He's depressed. Diagnosed by neuro psych. 

He's been this way for 3 years but it's taken time to get him the help he really needs because his mom didn't want to admit his problems and our decree has some restraints. 

Finally got him to a psychiatrist today and was prescribed 10mg of Prozac. From what I'm told, this is the minimum amount. 

He is struggling with school. 

He intimidates both his mother and my girlfriend with his size and demeanor when I'm not around. 

Don't really know what I'm looking for here yet but throwing this out to see where it goes. 

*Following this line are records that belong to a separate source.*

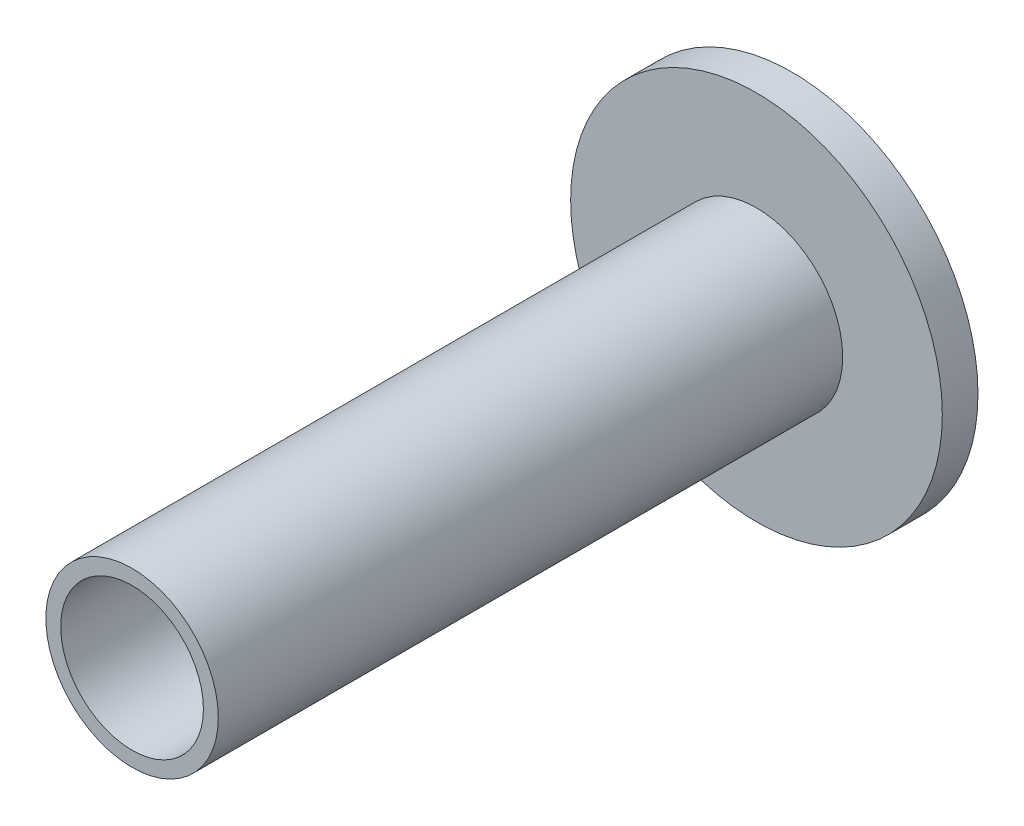
SolidWorks part; units mm, degrees
ref_plane "Front Plane" through (0, 0, 0) normal (0, 0, 1) x (1, 0, 0)
ref_plane "Top Plane" through (0, 0, 0) normal (0, 1, 0) x (1, 0, 0)
ref_plane "Right Plane" through (0, 0, 0) normal (1, 0, 0) x (0, 0, -1)
sketch "Sketch1" plane through (0, 0, 0) normal (0, 0, 1) x (1, 0, 0)
  circle A0 centre (0, 0) radius 24
  circle A1 centre (0, 0) radius 29
  dimension "D1" = 5
  dimension "D2" = 58
extrude "Boss-Extrude1" add sketch "Sketch1" along normal blind 210
sketch "Sketch2" plane through (0, 0, 0) normal (0, 0, -1) x (-1, 0, 0)
  circle A0 centre (0, 0) radius 23.7066
  circle A1 centre (0, 0) radius 62.5
extrude "Boss-Extrude2" add sketch "Sketch2" along normal blind 12

His first therapist was the one that recommended the neuro psych. I got the testing done and his mom freaked out. Threatened the therapist with sanctions from the state and took him to new therapist. New therapist agreed with original and neuro. All three of them plus our parent facilitator agree that he is depressed and needs to be on meds. They all also agree that he could become suicidal without treatment. 

He will begin the Prozac tomorrow morning. 

What do I do to help my son?


----------



## EleGirl (Dec 3, 2011)

Does he do any sports or physical activity? From what I've read, exercise works as well as antidepressants. 

Is he going to be going to regular counseling? 

Have you asked him what you can do to help him?


----------



## Ceegee (Sep 9, 2012)

Thanks Ele. 

He played football but got a concussion last year. The concussion itself was mild but the post concussion syndrome was bad enough to keep him home bound for two months. He cannot play anymore. One of the few things his mom and I agree on. 

He has no other sports interests. He manages for the team now but that causes more frustrations since he can no longer play.


----------



## Ceegee (Sep 9, 2012)

He is I between therapists. A psychologist and psychiatrist. His mom really screwed this up.

Yes, I talk to him everyday about what I can do to help. But this too is a struggle. He needs to learn that he has responsibilities but at the same time I feel he has more on his plate than he should. 

Trying to balance.


----------



## Ceegee (Sep 9, 2012)

He's up right now at 11:16 doing some makeup work to pass his English class. A 14 year old up this late on a school night isn't good in my book. 

And he's angry. But he needs to pass.


----------



## EleGirl (Dec 3, 2011)

I wonder if you could do physical things with him in the evenings and on weekends... like hiking, go for walks, bike rides.


----------



## sixty-eight (Oct 2, 2015)

with kids that age, friends are a huge influence. Know anyone with a son his age, that might be a good friend to him? or maybe someone a little older that could tutor him to help with the school work he's struggling with? Gotta be careful, vet the new potential friend thoroughly. and it might not take, some people just aren't meant to be friends.

My foster brother was paired up with a kid that age his senior year as part of his anger management, and they were really good for each other. a big brother mentoring program.
Could he help a kid in a junior league football, just for an hour or two a week? drills or throwing a ball around? helping others/volunteering is something they tell you to try for depression before they medicate you. it might still be a helpful activity for your son, even though it may seem counter intuitive to have him be the mentor.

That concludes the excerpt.